Medical Apartheid: What You Never Learned in School February 12, 2007 Janis Wiley 18 out of 21 found this review helpful
Medical Apartheid is a must read for anyone interested in social justice issues. While Washington's work may be the catalyst for the long awaited national apology, the researched accounts of U.S. atrocities deserve and require far more. This book should become required reading in our educational institutions regardless of one's pursued field of study. The U.S. must tell the truth about its past and those it has ceremoniously honored and attempted to destroy. Harriet Washington has done just that.
Medical Aparheid March 14, 2007 Michael J. Carter (Asheville, NC United States) 17 out of 21 found this review helpful
The facts are disturbing but well documented. Ms. Washington's anaylsis is evenhanded, thorough, and scholarly. I am enjoying the book immensley.

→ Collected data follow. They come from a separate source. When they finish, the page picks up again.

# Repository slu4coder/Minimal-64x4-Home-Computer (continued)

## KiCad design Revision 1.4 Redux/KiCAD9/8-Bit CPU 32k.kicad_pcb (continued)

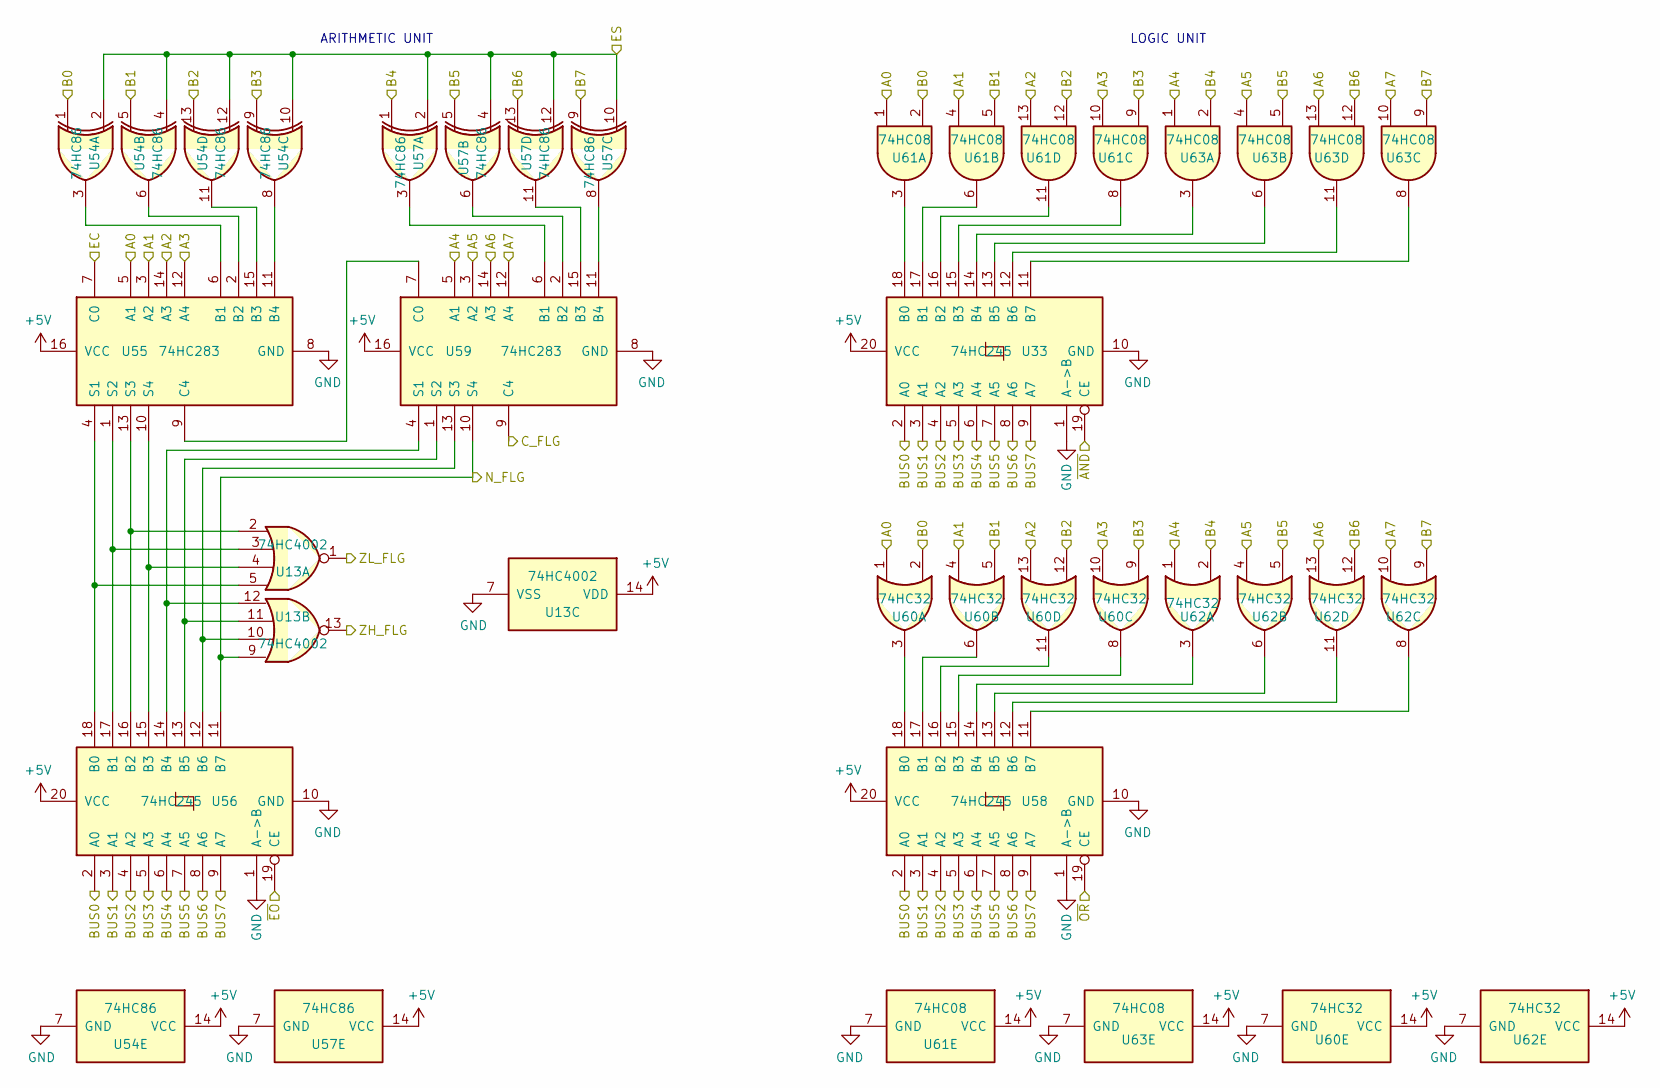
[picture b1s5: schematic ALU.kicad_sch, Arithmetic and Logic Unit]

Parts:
U13: 74HC4002; DIP-14_W7.62mm_Socket
U33, U56, U58: 74HC245; DIP-20_W7.62mm_Socket
U54, U57: 74HC86; DIP-14_W7.62mm_Socket
U55, U59: 74HC283; DIP-16_W7.62mm_Socket
U60, U62: 74HC32; DIP-14_W7.62mm_Socket
U61, U63: 74HC08; DIP-14_W7.62mm_Socket

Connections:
+5V: U13.14 (VDD), U33.20 (VCC), U54.14 (VCC), U55.16 (VCC), U56.20 (VCC), U57.14 (VCC), U58.20 (VCC), U59.16 (VCC), U60.14 (VCC), U61.14 (VCC), U62.14 (VCC), U63.14 (VCC); also elsewhere on the board
/ALU/A0: U55.5 (A1), U60.1, U61.1; also elsewhere on the board
/ALU/A1: U55.3 (A2), U60.4, U61.4; also elsewhere on the board
/ALU/A2: U55.14 (A3), U60.13, U61.13; also elsewhere on the board
/ALU/A3: U55.12 (A4), U60.10, U61.10; also elsewhere on the board
/ALU/A4: U59.5 (A1), U62.1, U63.1; also elsewhere on the board
/ALU/A5: U59.3 (A2), U62.4, U63.4; also elsewhere on the board
/ALU/A6: U59.14 (A3), U62.13, U63.13; also elsewhere on the board
/ALU/A7: U59.12 (A4), U62.10, U63.10; also elsewhere on the board
/ALU/B0: U54.1, U60.2, U61.2; also elsewhere on the board
/ALU/B1: U54.5, U60.5, U61.5; also elsewhere on the board
/ALU/B2: U54.13, U60.12, U61.12; also elsewhere on the board
/ALU/B3: U54.9, U60.9, U61.9; also elsewhere on the board
/ALU/B4: U57.1, U62.2, U63.2; also elsewhere on the board
/ALU/B5: U57.5, U62.5, U63.5; also elsewhere on the board
/ALU/B6: U57.13, U62.12, U63.12; also elsewhere on the board
/ALU/B7: U57.9, U62.9, U63.9; also elsewhere on the board
/ALU/BUS0: U33.2 (A0), U56.2 (A0), U58.2 (A0); also elsewhere on the board
/ALU/BUS1: U33.3 (A1), U56.3 (A1), U58.3 (A1); also elsewhere on the board
/ALU/BUS2: U33.4 (A2), U56.4 (A2), U58.4 (A2); also elsewhere on the board
/ALU/BUS3: U33.5 (A3), U56.5 (A3), U58.5 (A3); also elsewhere on the board
/ALU/BUS4: U33.6 (A4), U56.6 (A4), U58.6 (A4); also elsewhere on the board
/ALU/BUS5: U33.7 (A5), U56.7 (A5), U58.7 (A5); also elsewhere on the board
/ALU/BUS6: U33.8 (A6), U56.8 (A6), U58.8 (A6); also elsewhere on the board
/ALU/BUS7: U33.9 (A7), U56.9 (A7), U58.9 (A7); also elsewhere on the board
/ALU/C_FLG: U59.9 (C4); also elsewhere on the board
/ALU/EC: U55.7 (C0); also elsewhere on the board
/ALU/ES: U54.2, U54.4, U54.10, U54.12, U57.2, U57.4, U57.10, U57.12; also elsewhere on the board
/ALU/N_FLG: U13.9, U56.11 (B7), U59.10 (S4); also elsewhere on the board
/ALU/ZH_FLG: U13.13; also elsewhere on the board
/ALU/ZL_FLG: U13.1; also elsewhere on the board
/ALU/~AND: U33.19 (CE); also elsewhere on the board
/ALU/~EO: U56.19 (CE); also elsewhere on the board
/ALU/~OR: U58.19 (CE); also elsewhere on the board
GND: U13.7 (VSS), U33.1 (A->B), U33.10 (GND), U54.7 (GND), U55.8 (GND), U56.1 (A->B), U56.10 (GND), U57.7 (GND), U58.1 (A->B), U58.10 (GND), U59.8 (GND), U60.7 (GND), U61.7 (GND), U62.7 (GND), U63.7 (GND); also elsewhere on the board
unnamed: U33.18 (B0), U61.3
unnamed: U33.17 (B1), U61.6
unnamed: U33.16 (B2), U61.11
unnamed: U33.15 (B3), U61.8
unnamed: U33.14 (B4), U63.3
unnamed: U33.13 (B5), U63.6
unnamed: U33.12 (B6), U63.11
unnamed: U33.11 (B7), U63.8
unnamed: U54.3, U55.6 (B1)
unnamed: U54.6, U55.2 (B2)
unnamed: U54.11, U55.15 (B3)
unnamed: U54.8, U55.11 (B4)
unnamed: U55.9 (C4), U59.7 (C0)
unnamed: U13.5, U55.4 (S1), U56.18 (B0)
unnamed: U13.3, U55.1 (S2), U56.17 (B1)
unnamed: U13.2, U55.13 (S3), U56.16 (B2)
unnamed: U13.4, U55.10 (S4), U56.15 (B3)
unnamed: U13.12, U56.14 (B4), U59.4 (S1)
unnamed: U13.11, U56.13 (B5), U59.1 (S2)
unnamed: U13.10, U56.12 (B6), U59.13 (S3)
unnamed: U58.18 (B0), U60.3
unnamed: U58.17 (B1), U60.6
unnamed: U58.16 (B2), U60.11
unnamed: U58.15 (B3), U60.8
unnamed: U58.14 (B4), U62.3
unnamed: U58.13 (B5), U62.6
unnamed: U58.12 (B6), U62.11
unnamed: U58.11 (B7), U62.8
unnamed: U57.3, U59.6 (B1)
unnamed: U57.6, U59.2 (B2)
unnamed: U57.11, U59.15 (B3)
unnamed: U57.8, U59.11 (B4)

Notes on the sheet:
ARITHMETIC UNIT
LOGIC UNIT

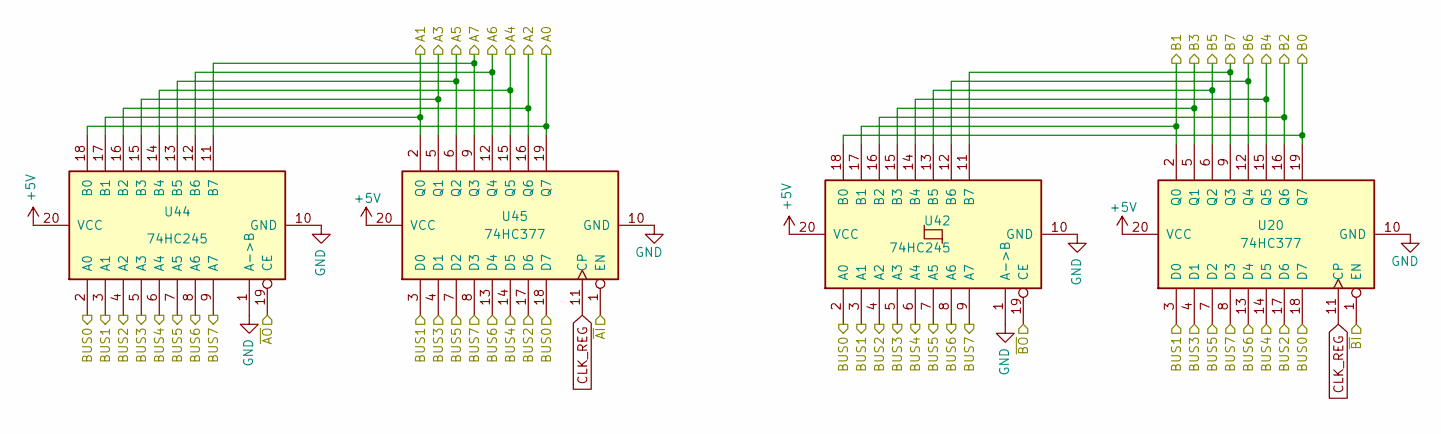
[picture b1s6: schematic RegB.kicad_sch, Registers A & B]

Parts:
U20, U45: 74HC377; DIP-20_W7.62mm_Socket
U42, U44: 74HC245; DIP-20_W7.62mm_Socket

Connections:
+5V: U20.20 (VCC), U42.20 (VCC), U44.20 (VCC), U45.20 (VCC); also elsewhere on the board
/ALU/A0: U44.18 (B0), U45.19 (Q7); also elsewhere on the board
/ALU/A1: U44.17 (B1), U45.2 (Q0); also elsewhere on the board
/ALU/A2: U44.16 (B2), U45.16 (Q6); also elsewhere on the board
/ALU/A3: U44.15 (B3), U45.5 (Q1); also elsewhere on the board
/ALU/A4: U44.14 (B4), U45.15 (Q5); also elsewhere on the board
/ALU/A5: U44.13 (B5), U45.6 (Q2); also elsewhere on the board
/ALU/A6: U44.12 (B6), U45.12 (Q4); also elsewhere on the board
/ALU/A7: U44.11 (B7), U45.9 (Q3); also elsewhere on the board
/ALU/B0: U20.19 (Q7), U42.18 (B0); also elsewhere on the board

How can people still have this kind of hatred? January 11, 2008 M. Johns 5 out of 5 found this review helpful
This is a book not just for blacks so as to be aware of what the medical field may still do to you at any given time, but for everyone that may visit a physician, surgeon and so on. We must remember that they are not gods, but doctors in practice, they don't know everything. We know our own bodies better than they do and if one isn't ready to listen then we must find ones that will. A pill doesn't make it go away, nor does ignoring the patient or worse yet, because of the color, class, race or religion they have mutilated, purposely given people diseases (HIV, Syphilis, Gonorrhea and so on). When I read this book I was disgusted with the medical field and thus made me do more research before I take any medication, surgery and so on. It makes you wonder what goes through their minds while you are completely under and can do whatever they please, this is not to say that there are not good doctors out here. We will have to just be cautious and do more research.